CourtHigh Court (Singapore)
JudgeV K Rajah JC
Judgment Date16 February 2004
Neutral Citation[2004] SGHC 25
Citation[2004] SGHC 25
Defendant CounselSuresh Nair and Foo Hsiang Ming (Allen and Gledhill)
Plaintiff CounselAndre Yeap SC and Tan Teck Wang (Rajah and Tann)
Date16 February 2004
Docket NumberOriginating Summons No 1632 of 2003
Published date25 February 2004
Subject MatterWinding up,Liquidator,Principles to be considered by court when granting leave for compulsory winding up where company undergoing creditors' voluntary winding up.,Winding up order,Role and duties of liquidator,Insolvency Law

16 February 2004

V K Rajah JC:

1 This application raises an interesting insolvency issue on which there is no direct Singapore authority: In what circumstances will the court grant leave for the initiation of compulsory winding up proceedings when the company in question is already in the process of being voluntarily wound up? This is not an obscure point of law divorced from commercial reality. Often, for a variety of reasons, the directors and/or shareholders of a company seek to voluntarily wind up the company if they are of the view that the company cannot carry on as a going business. The reasons for this are usually wholly justified: one instance may be when creditors are reluctant to take any action; another when substantial costs and time can be saved by the voluntary route. There are, however, instances when those responsible for running a company may choose the voluntary liquidation route, in order to “hijack” the liquidation process for reasons that may be viewed as less than legitimate. The voluntary route is a particularly tempting option when related entities of the company or its shareholders are the majority or significant creditors of the company. Directors may also, in certain situations, be averse to having an independent third party mount an enquiry as to the circumstances that precipitated the insolvency of the company. If the directors and management have been involved in corporate shenanigans, it can be expected that they will strenuously take steps to keep out unwelcome prying eyes. In such cases, independent minority creditors may have a legitimate sense of grievance, if their interests are disregarded or if they genuinely fear that the liquidation process may not be fairly implemented. The independence of the liquidators in such situations is often in issue. In a leading English authority, Re Palmer Marine Surveys Ltd [1986] BCLC 106 at 111, Hoffmann J (as he then was) observed:

The public is frequently astonished by the ease with which unsuccessful businessmen appear to be able to transfer the assets, goodwill, premises and employees of an insolvent company to a pristine entity with which they continue trading as before, leaving the creditors unpaid. This may be the price which has to be paid for the entrepreneurial incentives of limited liability. But in cases in which it appears to have happened, thorough investigation is required. Disappointed creditors are bound to view with cynicism any investigation undertaken by a liquidator chosen by the very persons whose conduct is under suspicion.
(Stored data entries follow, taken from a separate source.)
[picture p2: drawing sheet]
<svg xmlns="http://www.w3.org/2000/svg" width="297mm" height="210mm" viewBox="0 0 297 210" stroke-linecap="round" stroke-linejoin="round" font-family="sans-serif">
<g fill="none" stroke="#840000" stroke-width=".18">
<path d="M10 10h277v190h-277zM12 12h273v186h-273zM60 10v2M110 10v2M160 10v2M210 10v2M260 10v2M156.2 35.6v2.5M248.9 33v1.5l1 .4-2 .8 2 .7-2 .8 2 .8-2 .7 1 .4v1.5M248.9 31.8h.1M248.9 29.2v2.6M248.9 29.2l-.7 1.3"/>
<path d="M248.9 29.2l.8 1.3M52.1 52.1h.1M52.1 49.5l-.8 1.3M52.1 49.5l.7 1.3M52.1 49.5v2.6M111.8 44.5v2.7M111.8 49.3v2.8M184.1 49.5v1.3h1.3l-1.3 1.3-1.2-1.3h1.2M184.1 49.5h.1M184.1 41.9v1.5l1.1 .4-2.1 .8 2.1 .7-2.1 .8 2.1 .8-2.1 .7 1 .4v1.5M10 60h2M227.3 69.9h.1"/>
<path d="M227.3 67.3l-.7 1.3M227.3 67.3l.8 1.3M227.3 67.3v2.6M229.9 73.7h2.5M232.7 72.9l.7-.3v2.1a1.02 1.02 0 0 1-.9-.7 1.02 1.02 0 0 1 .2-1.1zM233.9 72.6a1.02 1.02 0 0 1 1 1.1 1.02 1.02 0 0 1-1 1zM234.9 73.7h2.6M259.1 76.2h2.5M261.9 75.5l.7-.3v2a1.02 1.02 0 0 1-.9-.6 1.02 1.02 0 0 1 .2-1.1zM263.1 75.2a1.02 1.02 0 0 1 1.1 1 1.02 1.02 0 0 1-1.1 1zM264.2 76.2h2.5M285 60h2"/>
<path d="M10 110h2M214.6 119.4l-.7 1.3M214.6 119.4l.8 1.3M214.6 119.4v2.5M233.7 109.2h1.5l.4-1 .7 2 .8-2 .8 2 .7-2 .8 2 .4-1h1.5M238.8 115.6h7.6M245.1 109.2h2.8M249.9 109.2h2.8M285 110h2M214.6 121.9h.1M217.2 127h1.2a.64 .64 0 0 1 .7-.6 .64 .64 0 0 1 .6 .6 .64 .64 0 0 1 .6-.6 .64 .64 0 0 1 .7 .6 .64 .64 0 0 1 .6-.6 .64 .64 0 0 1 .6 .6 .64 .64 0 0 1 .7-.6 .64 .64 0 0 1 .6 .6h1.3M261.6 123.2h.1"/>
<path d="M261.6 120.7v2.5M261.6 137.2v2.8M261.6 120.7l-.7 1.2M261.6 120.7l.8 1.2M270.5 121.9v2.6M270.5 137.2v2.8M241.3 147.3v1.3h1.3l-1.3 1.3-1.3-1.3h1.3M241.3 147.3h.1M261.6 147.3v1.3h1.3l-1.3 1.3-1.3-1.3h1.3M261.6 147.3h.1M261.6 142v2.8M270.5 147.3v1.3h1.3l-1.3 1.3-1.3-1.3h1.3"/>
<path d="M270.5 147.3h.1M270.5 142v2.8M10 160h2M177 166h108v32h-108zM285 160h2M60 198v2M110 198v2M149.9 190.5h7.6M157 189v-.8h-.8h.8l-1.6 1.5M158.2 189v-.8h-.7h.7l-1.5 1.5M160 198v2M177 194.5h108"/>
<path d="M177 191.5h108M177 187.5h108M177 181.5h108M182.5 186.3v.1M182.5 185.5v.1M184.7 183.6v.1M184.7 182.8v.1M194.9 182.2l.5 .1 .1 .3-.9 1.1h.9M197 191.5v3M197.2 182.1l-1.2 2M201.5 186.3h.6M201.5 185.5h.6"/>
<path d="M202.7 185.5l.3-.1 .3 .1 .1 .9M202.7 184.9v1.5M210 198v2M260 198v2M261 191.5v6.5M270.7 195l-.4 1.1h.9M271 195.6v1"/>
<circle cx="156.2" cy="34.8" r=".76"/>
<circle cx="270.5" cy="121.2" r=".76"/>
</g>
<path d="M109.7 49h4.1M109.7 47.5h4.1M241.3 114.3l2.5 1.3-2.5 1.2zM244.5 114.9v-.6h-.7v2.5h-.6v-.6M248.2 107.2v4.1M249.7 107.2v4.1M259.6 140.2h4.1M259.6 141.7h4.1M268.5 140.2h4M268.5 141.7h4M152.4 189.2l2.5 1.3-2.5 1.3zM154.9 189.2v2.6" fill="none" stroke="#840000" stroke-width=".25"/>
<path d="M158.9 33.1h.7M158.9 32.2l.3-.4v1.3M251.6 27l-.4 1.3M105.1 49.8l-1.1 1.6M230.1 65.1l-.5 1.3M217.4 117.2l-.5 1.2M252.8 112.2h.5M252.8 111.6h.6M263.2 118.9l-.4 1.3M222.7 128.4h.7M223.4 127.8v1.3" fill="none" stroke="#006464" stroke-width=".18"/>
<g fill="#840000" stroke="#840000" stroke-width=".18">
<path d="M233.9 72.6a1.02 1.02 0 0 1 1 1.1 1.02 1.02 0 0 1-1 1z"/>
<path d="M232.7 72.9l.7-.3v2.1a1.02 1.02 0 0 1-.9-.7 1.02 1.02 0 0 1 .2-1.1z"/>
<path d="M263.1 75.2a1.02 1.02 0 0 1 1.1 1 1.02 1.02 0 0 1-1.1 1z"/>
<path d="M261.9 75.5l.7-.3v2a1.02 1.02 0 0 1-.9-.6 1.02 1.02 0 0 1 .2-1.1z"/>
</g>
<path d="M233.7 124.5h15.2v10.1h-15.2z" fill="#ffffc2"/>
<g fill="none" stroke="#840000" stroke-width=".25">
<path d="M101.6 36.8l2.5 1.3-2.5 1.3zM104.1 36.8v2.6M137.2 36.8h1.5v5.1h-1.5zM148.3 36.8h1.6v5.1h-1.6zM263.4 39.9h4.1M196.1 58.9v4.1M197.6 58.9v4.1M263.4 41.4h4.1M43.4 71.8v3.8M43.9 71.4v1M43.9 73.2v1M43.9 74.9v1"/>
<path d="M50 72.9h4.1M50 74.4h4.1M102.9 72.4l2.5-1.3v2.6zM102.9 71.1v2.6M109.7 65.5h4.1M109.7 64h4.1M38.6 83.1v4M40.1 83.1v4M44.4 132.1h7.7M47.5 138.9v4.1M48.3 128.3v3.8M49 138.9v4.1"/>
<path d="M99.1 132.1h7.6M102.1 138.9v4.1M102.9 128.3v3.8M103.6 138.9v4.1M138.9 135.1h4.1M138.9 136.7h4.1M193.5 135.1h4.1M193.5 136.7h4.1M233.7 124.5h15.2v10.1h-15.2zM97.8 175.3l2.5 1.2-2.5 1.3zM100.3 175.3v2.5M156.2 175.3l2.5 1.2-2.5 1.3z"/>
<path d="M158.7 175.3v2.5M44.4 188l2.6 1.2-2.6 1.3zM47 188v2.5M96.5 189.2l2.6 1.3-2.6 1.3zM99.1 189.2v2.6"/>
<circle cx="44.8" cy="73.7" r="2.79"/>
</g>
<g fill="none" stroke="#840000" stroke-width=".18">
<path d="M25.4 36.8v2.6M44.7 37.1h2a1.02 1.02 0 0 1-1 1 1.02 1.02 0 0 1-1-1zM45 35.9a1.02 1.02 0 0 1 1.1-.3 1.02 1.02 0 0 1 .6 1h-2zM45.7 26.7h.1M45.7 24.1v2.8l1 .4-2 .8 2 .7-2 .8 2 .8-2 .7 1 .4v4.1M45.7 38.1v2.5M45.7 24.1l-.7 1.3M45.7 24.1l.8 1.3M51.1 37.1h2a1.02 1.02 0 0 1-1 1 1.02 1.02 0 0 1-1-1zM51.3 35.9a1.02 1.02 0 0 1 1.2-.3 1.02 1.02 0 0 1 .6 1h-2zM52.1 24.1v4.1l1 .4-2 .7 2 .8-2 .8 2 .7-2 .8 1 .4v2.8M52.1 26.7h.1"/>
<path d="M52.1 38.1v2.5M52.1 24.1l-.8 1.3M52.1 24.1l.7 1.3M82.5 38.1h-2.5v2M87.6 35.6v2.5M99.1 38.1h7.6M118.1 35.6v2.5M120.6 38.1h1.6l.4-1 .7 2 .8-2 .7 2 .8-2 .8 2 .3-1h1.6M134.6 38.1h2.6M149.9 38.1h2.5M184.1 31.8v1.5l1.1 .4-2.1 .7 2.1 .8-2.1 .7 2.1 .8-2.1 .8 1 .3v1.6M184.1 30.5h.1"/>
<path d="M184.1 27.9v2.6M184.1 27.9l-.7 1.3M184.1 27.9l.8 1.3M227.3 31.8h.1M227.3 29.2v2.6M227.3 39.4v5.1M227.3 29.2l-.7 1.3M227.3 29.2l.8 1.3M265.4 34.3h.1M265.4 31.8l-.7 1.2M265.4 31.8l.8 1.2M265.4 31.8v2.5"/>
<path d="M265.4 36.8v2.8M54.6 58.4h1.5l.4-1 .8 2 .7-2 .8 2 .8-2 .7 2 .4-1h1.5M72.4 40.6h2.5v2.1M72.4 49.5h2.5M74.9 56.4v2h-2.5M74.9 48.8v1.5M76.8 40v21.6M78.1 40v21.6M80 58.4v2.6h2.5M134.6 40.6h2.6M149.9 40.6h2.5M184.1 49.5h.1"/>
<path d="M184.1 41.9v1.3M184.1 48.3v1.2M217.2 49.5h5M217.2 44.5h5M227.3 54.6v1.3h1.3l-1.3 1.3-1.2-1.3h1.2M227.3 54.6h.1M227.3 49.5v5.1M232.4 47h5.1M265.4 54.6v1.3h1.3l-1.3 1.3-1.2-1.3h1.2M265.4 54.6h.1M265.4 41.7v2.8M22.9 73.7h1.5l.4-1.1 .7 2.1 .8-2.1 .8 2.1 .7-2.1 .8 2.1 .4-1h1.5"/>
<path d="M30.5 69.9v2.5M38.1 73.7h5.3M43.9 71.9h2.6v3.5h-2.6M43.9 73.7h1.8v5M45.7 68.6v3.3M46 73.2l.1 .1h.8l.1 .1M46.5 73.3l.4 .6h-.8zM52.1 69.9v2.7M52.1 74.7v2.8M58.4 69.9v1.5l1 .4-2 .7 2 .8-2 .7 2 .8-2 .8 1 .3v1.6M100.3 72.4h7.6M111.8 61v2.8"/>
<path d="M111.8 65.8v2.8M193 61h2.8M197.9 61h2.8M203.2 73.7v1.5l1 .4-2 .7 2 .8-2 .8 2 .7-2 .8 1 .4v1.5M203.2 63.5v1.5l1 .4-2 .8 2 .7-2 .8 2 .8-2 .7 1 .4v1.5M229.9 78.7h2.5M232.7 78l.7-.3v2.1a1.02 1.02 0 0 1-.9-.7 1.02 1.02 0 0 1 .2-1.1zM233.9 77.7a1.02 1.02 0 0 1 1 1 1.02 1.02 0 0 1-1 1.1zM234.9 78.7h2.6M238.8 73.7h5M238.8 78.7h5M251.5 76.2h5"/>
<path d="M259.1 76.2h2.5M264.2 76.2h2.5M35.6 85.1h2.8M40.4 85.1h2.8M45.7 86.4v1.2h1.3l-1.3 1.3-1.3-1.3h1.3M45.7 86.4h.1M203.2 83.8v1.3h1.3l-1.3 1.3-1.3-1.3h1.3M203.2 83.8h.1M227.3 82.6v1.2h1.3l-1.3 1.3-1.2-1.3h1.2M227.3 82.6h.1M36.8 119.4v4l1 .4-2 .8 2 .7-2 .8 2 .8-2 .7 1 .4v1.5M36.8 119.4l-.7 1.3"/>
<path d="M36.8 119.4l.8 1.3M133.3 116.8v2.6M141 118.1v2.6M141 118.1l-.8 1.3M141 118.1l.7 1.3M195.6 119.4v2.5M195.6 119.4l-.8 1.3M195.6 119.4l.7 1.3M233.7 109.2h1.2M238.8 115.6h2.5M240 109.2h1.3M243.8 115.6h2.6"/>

2 The present application is unusual in the sense that the applicants, who want the company compulsorily wound up, are the undisputed majority creditor. It is not disputed that at least 70% of the admitted outstanding debt is due to them. Notwithstanding, the company has chosen to insist on proceeding with voluntary winding up. It has asserted rather implausibly, through its present solicitors, that it is concerned about the additional costs incurred through the possible appointment of new liquidators should compulsory winding up proceedings be initiated. Given the events that have transpired to date, including the startling losses incurred by the company, I was not impressed by this disingenuous contention and readily allowed the application. While there has been no appeal, certain interesting points have emerged in this application which ought to be examined and explicated. I also think it is important to signal to company management and liquidators alike that the court will vigilantly strive to ensure that fair play and commercial morality prevail in all insolvency matters that come to its attention.

3 The facts as set out by the applicants are not really in dispute, save for the issue of the liquidators’ independence and consequently their ability to effectively discharge their duties. The liquidators have in an affidavit taken issue with this. The company did not file an affidavit. I have largely adopted the facts stated in the applicants’ affidavits in mapping out the factual matrix. For convenience, in these grounds of decision “the company” means the respondent.

Factual matrix

4 The company had two main areas of business:

(a) The import and export of industrial, construction and consumer products, materials and machinery; and

(b) Acting as a commission agent for the purpose of securing trade and other financing through its bankers on behalf of customers and other parties interested in purchasing or leasing equipment.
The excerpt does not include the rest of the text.